Evaluation in Information Retrieval

2 minute read

Manning, C.D., Raghavan, P. & Schütze, H., 2008. Introduction to Information Retrieval 1st ed., Cambridge University Press.

Chapter 8 - Evaluation in information retrieval

Retrieval effectiveness is measured using a test collection consisting of

  1. a document collection
  2. a test suite of information needs (50 have been found to be sufficient at minimum) that are usually expressed as queries
  3. a set of relevance judgments (binary)
Tuning parameters (if present) need to be optimized using an independent test collection rather than the evaluation collection.

Standard Test Collections

  1. Cranfield collection (historical)
  2. Text retrieval conference (TREC) - relevance judgments for 450 information needs that are called topics; TREC 6-8 provide 150 information needs over 528,000 newswire and broadcast articles and is considered one of the largest and most consistent subcollections
  3. GOV2 - 25 million pages
  4. NII Test Collections for IR Systems (NTCIR) - asian languages
  5. Cross Language Evaluation Forum (CLEF) - European languages for cross-language retrieval
  6. Reuters
  7. 20 Newsgroups - text classification

Presentation of search results

  • static snippets
  • dynamic snippets -> explain why that particular document has been retrieved
  • text summarization -> up to date systems combine positional factors (favor first and last paragraphs and the first and last sentences of paragraphs, with content factors, emphasizing sentences with key terms)

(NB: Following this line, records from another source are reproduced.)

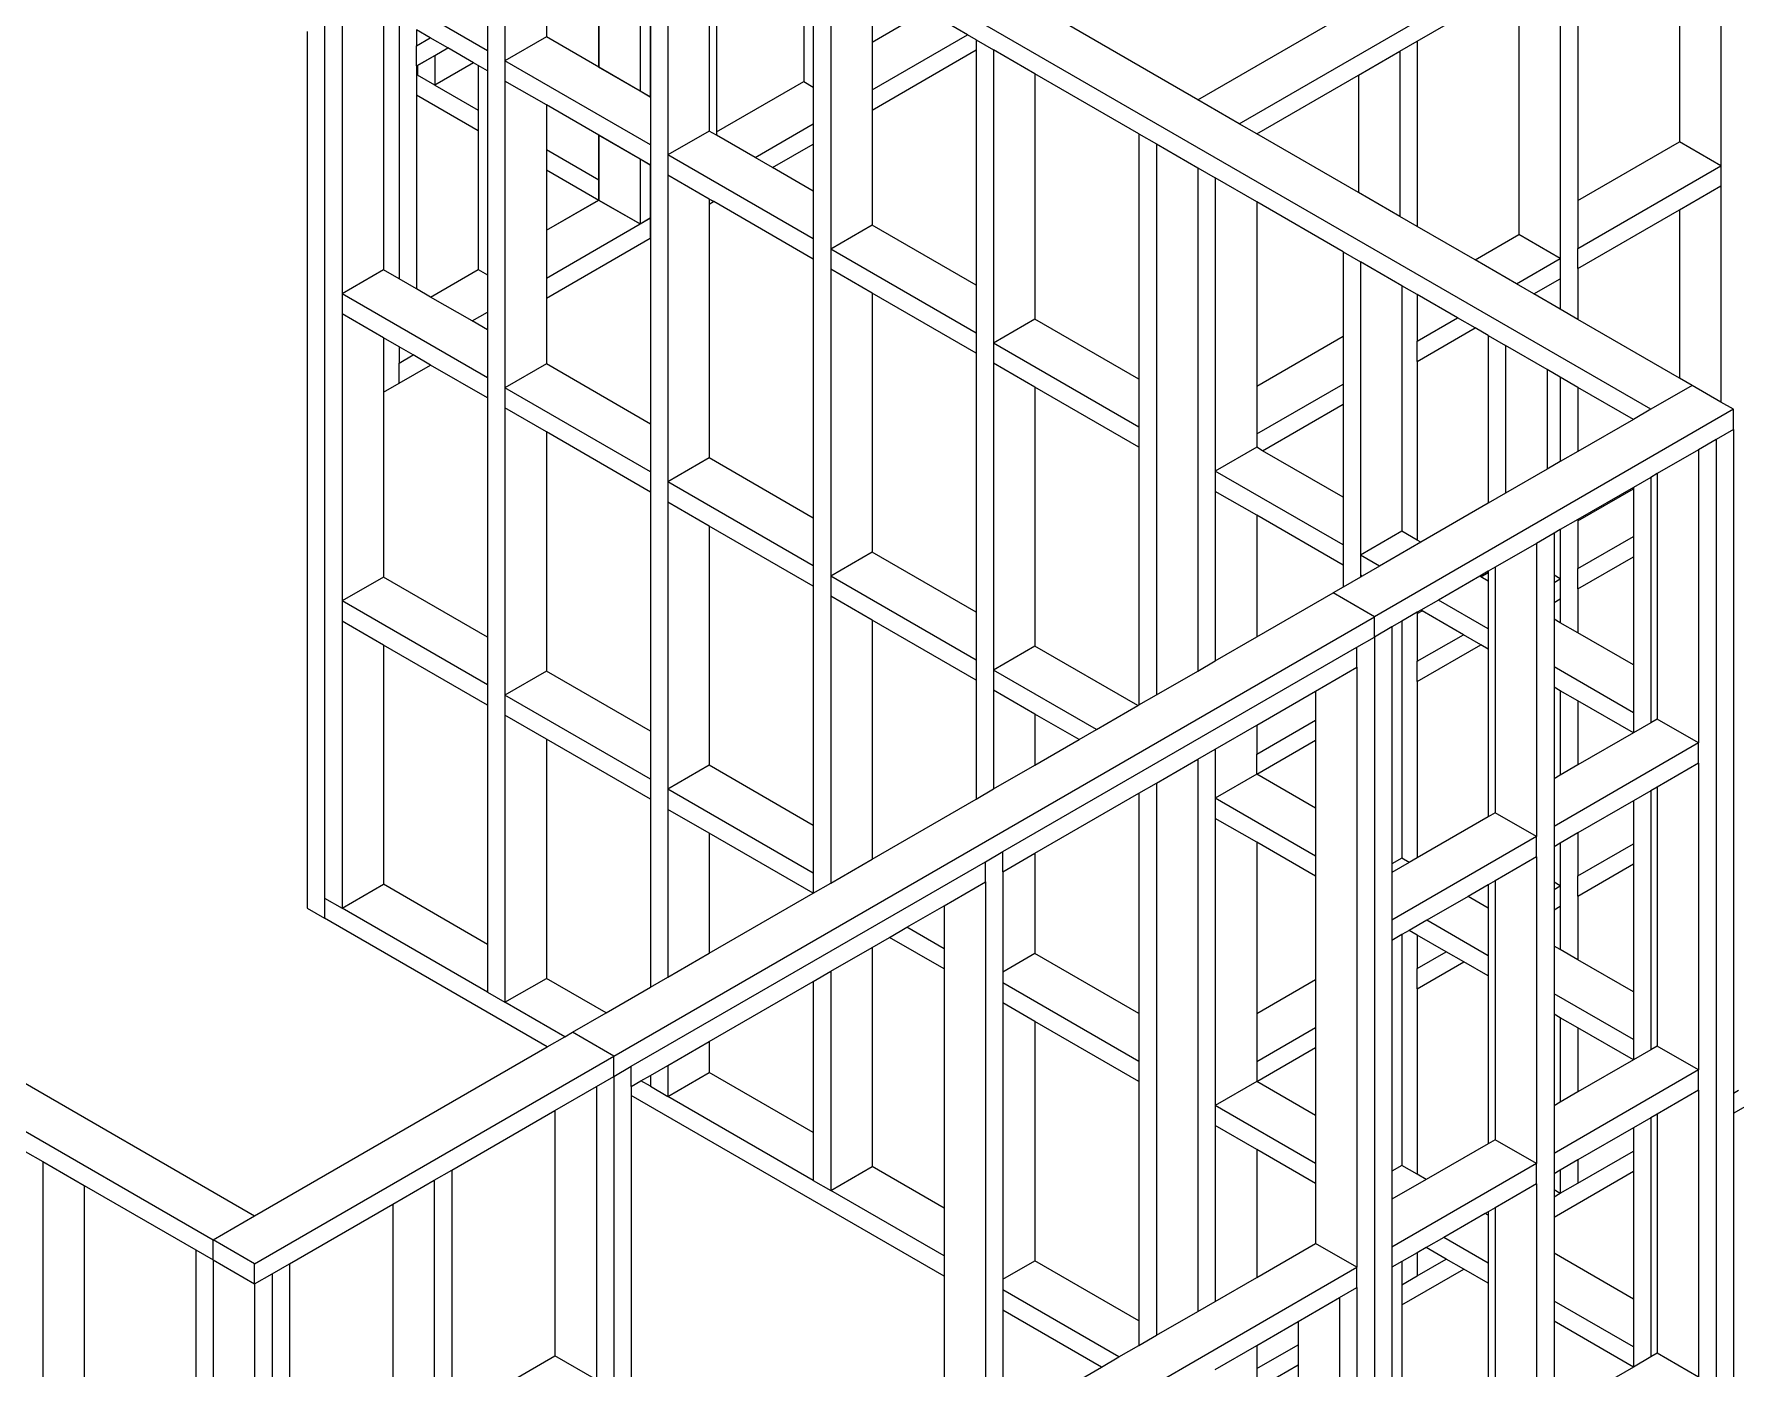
# Model space of a CAD drawing. Header units: millimetres. Extents: x 19458 to 19801, y 4351 to 4752.
# Drawn here: x 19603.167 to 19605.784, y 4520.497 to 4522.548 of the extents above; entities that cross this region are included whole.
import ezdxf

# ---------------------------------------------------------------- set-up
doc = ezdxf.new("R2010")
doc.units = ezdxf.units.MM

# ---------------------------------------------------------------- blocks, each defined once
blk = doc.blocks.new('ISO GENERAL')
at = {"color": 250}
for p, q in [((-0.8208, -0.2017), (1.1672, 0.9461)), ((-0.8844, -0.1649), (0.5301, 0.6518)), ((-0.188, -0.6405), (-2.2273, 0.5368)), ((-2.2273, 0.5058), (-2.2273, -1.3917)), ((-1.9499, 0.3457), (-1.9499, -0.105)), ((-1.7263, 0.2166), (-1.7263, -0.1606)), ((-1.6995, 0.2011), (-1.6995, -0.2496)), ((-0.0802, 0.1949), (-0.0802, -0.2662)), ((-1.6358, 0.1644), (-1.6358, -0.2129)), ((-0.1438, 0.1581), (-0.1438, -0.2295)), ((-1.6248, 0.1533), (-1.6248, -0.2143)), ((-1.7422, 0.0856), (-1.7422, -0.1515)), ((-1.4905, 0.0805), (-1.4905, -0.1368)), ((-1.4759, 0.072), (-1.4759, -0.1453)), ((-1.449, 0.0565), (-1.449, -0.3942)), ((-0.3271, 0.0524), (-0.3271, -0.4087)), ((-0.3002, 0.0679), (-0.3002, -0.3197)), ((-1.9768, -0.0895), (-2.2004, 0.0396)), ((-1.8058, 0.0488), (-1.8058, -0.1147)), ((-2.2004, 0.0086), (-2.2004, -0.4629)), ((-1.8863, 0.0024), (-1.8863, -0.0683)), ((-1.3854, 0.0198), (-1.3854, -0.0761)), ((-0.5471, -0.0747), (-0.3907, 0.0156)), ((-0.3907, 0.0156), (-0.3907, -0.372)), ((-1.9768, -0.016), (-1.9768, -0.0895)), ((-2.1367, -0.0282), (-2.1367, -0.4261)), ((-2.1127, -0.0421), (-2.1127, -0.44)), ((-1.3854, -0.0761), (-1.3024, -0.0282)), ((-1.2387, -0.0649), (-1.3024, -0.0282)), ((-0.8844, -0.1649), (-1.1213, -0.0282)), ((-2.2541, -0.06), (-2.2541, -1.4072)), ((-2.0858, -0.0576), (-2.0858, -0.0818)), ((-2.0648, -0.0697), (-2.0858, -0.0576)), ((-2.0858, -0.0818), (-2.0648, -0.0697)), ((-2.038, -0.0852), (-2.0648, -0.0697)), ((-1.8863, -0.0683), (-1.9499, -0.105)), ((-1.8058, -0.1147), (-1.8863, -0.0683)), ((-1.3854, -0.1496), (-1.2387, -0.0649)), ((-1.3854, -0.0761), (-1.3854, -0.1496)), ((-1.2254, -0.0726), (-1.2387, -0.0649)), ((-1.2254, -0.0726), (-1.1985, -0.0881)), ((-1.2254, -0.0726), (-1.2254, -0.0883)), ((-0.5739, -0.0902), (-0.5471, -0.0747)), ((-0.5471, -0.0747), (-0.5471, -0.3597)), ((-2.0858, -0.1128), (-2.0858, -0.0818)), ((-2.0846, -0.1122), (-2.0578, -0.0966)), ((-2.0578, -0.0966), (-2.038, -0.0852)), ((-2.0578, -0.0966), (-2.0578, -0.1424)), ((-1.9984, -0.1081), (-2.038, -0.0852)), ((-1.9768, -0.0895), (-1.9768, -0.1205)), ((-1.3854, -0.1806), (-1.2254, -0.0883)), ((-1.2254, -0.0883), (-1.2254, -0.4498)), ((-1.1985, -0.0881), (-1.1985, -0.5388)), ((-1.1349, -0.1249), (-1.1985, -0.0881)), ((-0.6376, -0.1269), (-0.5739, -0.0902)), ((-0.5739, -0.0902), (-0.5739, -0.3442)), ((-2.0858, -0.1128), (-2.0846, -0.1122)), ((-2.0858, -0.1128), (-2.0858, -0.1262)), ((-2.0858, -0.1262), (-2.0846, -0.1269)), ((-2.0858, -0.1262), (-2.0858, -0.1572)), ((-2.0846, -0.1122), (-2.0846, -0.1269)), ((-2.0578, -0.1424), (-2.0846, -0.1269)), ((-1.9984, -0.1081), (-2.0578, -0.1424)), ((-1.9911, -0.1123), (-1.9984, -0.1081)), ((-1.9911, -0.1123), (-1.9911, -0.1809)), ((-1.9768, -0.1205), (-1.9911, -0.1123)), ((-1.9768, -0.1205), (-1.9768, -0.4341)), ((-1.7263, -0.2341), (-1.9499, -0.105)), ((-1.9499, -0.105), (-1.9499, -0.136)), ((-1.7422, -0.1515), (-1.8058, -0.1147)), ((-1.1349, -0.1249), (-1.1349, -0.5021)), ((-0.975, -0.2172), (-1.1349, -0.1249)), ((-0.7939, -0.2172), (-0.6376, -0.1269)), ((-0.6376, -0.1269), (-0.6376, -0.3075)), ((-2.0578, -0.1424), (-1.9911, -0.1809)), ((-1.8863, -0.1728), (-1.9499, -0.136)), ((-1.9499, -0.136), (-1.9499, -0.6075)), ((-1.7263, -0.1606), (-1.7422, -0.1515)), ((-1.6248, -0.2143), (-1.4905, -0.1368)), ((-1.4905, -0.1368), (-1.4759, -0.1453)), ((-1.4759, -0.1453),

Common metrics and visualizations for unranked search results

  • Precision, Recall
  • Accuracy (tp+tn)/(tp+fp+tn+tn) - often not appropriate since retrieval data might be extremely skewed (99.9% of the documents are non-relevant => a system optimizing accuracy would perform well, when only returning negative answers)
  • F-measure - the harmonic mean between P and R (and therefore always less or equal the arithmetic mean)
Common metrics and visualizations for ranked search results

  • Precision/recall graphs (saw-tooth shape; non-relevant documents => precision drops)
  • Interpolated precision (highest precision for a certain recall level r'>=r)
  • 11-point average precision (precision at a recall of 0.0, 0.1, ... 1.0)
  • mean average precision (MAP) - approximates the area under the interpolated precision-recall curve for a single information need
  • precision at k (e.g. precision at 10)
  • R-precision - precision for |Rel| document (with |Rel| equals the number of total relevant entries in the collection)
  • Receiver Operating Characteristics (ROC Curve) - x = 1-specificity; y=recall with specifity = tn/fp+tn
  • cumulative gain and normalized discounted cumulative gain - designed for non-binary notions of relevance

Assessing Relevance

  • pooling - only the top-k documents of the collection are evaluated
  • kappa measure (inter-rater agreement)
    • idea: kappa = [P(same rating, observed) - P(same rating, random)] / [1-P(same rating, random) ]
    • interpretation:
      • above 0.8 -> good agreement
      • between 0.67 and 0.8 -> fair agreement
      • below 0.67 -> dubious


  • document relevance is treated as independence from the relevance of other documents
  • binary assessments
  • relevance is treated as an absolute objective decision -> Kekäläinen (2005) show that a 4-way relevance judgment and the notion of cumulative gain substantially affect system ranking;
  • results are based on one collection (domain-specific)


  • INEX, some TREC tracks and NTCIR -> three to four relevance classes
  • marginal relevance (usefulness of a document is assessed after the user has looked at certain other documents) - maximizing marginal relevance => diverse documents are returned
  • user utility - make users happy
    • relevance is a proxy for user happiness
    • user studies measure user happiness
    • user studies of IR system effectiveness by Saracevic and Kantor (1988, 1996)
  • refine deployed systems: A/B testing
    • deploy a modified version of the system (B)
    • user feedback to evaluate the differences between these systems (non-intrusive by using clickthrough log analysis, clickstream mining, ...)